4. (U) In a newspaper interview, Calderon said he is happy
to finally have the case brought to trial, confident that it
would be able to clear his name and finally put the incident
behind him. Calderon believes that if he is cleared, he
could be a viable presidential candidate in 2010, stating to
the media that "90 percent of the (PUSC) party leaders are
totally supportive of me." He has said in various interviews
that he will not decide until 2009 whether or not to run for
president.

-------
COMMENT
-------

5. (SBU) Calderon no doubt expects to be cleared of
wrongdoing, assuming his case even passes the preliminary
phase. Calderon,s is one of the two "Ex-Presidents"

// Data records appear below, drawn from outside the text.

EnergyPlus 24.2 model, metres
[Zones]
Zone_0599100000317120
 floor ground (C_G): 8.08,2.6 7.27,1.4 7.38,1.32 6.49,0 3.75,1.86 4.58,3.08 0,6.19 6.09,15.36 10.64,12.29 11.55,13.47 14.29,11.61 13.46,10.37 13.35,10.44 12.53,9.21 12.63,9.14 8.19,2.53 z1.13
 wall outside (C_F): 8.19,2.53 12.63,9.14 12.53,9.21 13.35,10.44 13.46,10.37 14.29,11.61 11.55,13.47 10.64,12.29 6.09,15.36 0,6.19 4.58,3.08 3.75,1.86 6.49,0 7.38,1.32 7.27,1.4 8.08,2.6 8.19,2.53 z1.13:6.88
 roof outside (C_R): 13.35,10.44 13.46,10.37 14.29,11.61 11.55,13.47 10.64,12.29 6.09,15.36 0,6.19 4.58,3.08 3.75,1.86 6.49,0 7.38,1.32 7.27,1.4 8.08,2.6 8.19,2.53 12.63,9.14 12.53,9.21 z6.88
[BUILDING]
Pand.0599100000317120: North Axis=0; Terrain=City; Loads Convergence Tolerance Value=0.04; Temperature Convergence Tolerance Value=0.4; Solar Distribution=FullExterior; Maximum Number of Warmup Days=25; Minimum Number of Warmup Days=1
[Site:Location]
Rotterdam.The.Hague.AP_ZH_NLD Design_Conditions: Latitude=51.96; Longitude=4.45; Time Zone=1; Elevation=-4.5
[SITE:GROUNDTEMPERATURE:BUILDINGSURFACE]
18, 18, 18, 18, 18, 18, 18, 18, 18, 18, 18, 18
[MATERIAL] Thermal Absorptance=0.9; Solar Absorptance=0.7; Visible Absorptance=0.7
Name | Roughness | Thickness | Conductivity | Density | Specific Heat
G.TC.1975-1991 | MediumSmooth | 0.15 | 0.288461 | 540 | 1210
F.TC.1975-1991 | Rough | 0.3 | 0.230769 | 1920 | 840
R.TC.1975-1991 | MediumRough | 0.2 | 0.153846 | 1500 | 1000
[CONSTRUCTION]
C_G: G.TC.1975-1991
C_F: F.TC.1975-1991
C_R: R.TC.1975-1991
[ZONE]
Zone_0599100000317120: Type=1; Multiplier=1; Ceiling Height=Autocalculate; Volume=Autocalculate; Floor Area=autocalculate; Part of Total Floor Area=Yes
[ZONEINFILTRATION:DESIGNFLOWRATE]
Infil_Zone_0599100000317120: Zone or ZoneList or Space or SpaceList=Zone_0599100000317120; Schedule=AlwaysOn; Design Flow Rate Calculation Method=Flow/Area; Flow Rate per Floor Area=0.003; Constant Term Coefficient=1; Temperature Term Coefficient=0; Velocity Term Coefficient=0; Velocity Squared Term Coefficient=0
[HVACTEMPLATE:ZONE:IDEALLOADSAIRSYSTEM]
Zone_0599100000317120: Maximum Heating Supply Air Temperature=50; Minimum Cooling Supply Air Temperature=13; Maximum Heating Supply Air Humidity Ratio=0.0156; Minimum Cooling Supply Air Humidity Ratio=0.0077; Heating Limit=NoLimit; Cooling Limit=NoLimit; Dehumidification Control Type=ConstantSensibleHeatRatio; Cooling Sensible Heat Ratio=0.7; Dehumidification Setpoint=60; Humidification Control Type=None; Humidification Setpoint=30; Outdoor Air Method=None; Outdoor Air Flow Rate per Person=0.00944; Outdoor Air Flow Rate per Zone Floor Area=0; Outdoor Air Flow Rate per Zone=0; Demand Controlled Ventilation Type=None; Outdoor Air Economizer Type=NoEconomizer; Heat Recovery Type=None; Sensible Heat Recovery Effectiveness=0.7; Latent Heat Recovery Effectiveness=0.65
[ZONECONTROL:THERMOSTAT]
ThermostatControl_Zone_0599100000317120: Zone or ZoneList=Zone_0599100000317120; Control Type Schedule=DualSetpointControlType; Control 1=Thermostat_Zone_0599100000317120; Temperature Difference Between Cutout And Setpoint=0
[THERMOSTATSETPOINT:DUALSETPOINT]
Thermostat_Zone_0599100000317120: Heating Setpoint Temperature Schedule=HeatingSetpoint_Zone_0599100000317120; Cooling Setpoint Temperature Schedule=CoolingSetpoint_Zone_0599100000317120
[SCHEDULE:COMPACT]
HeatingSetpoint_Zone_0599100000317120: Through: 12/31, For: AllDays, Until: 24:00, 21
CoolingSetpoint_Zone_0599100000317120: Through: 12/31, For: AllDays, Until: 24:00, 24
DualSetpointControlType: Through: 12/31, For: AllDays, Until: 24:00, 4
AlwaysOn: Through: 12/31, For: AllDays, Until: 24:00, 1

corruption scandals that exploded in late 2004 (the other is
the case of then-OAS Secretary General Miguel Angel
Rodriguez). The evidence against Rodriguez is considered
much stronger, and both cases have been ready for prosecution
since July 2006. Judicial bureaucracy appears to be the only
reason authorities are leading with the weaker Calderon case.
Although a popular president, he faces an uphill battle to
be re-elected. His PUSC party, once one of the two major
political forces in the country, all but disappeared in the
2006 elections, winning only three percent of the vote. It
has since regained some respect and support by consistently
supporting the Arias administration,s coalition in the
legislative assembly. The February 2007 CID/Gallup poll
showed PUSC polling ahead of the opposition PAC party, 16
percent to 13 percent, but pollsters tell us PUSC support is
broad but not deep. Calderon will have to overcome the 60
percent personal disapproval rating revealed in the same
poll, in order to make a comeback, should he be cleared by
the court. Costa Rica needs to get this languishing case
behind it as much or more than Calderon, however, in order to
demonstrate that the judicial system can act on corruption
allegations, even up to the highest levels of government.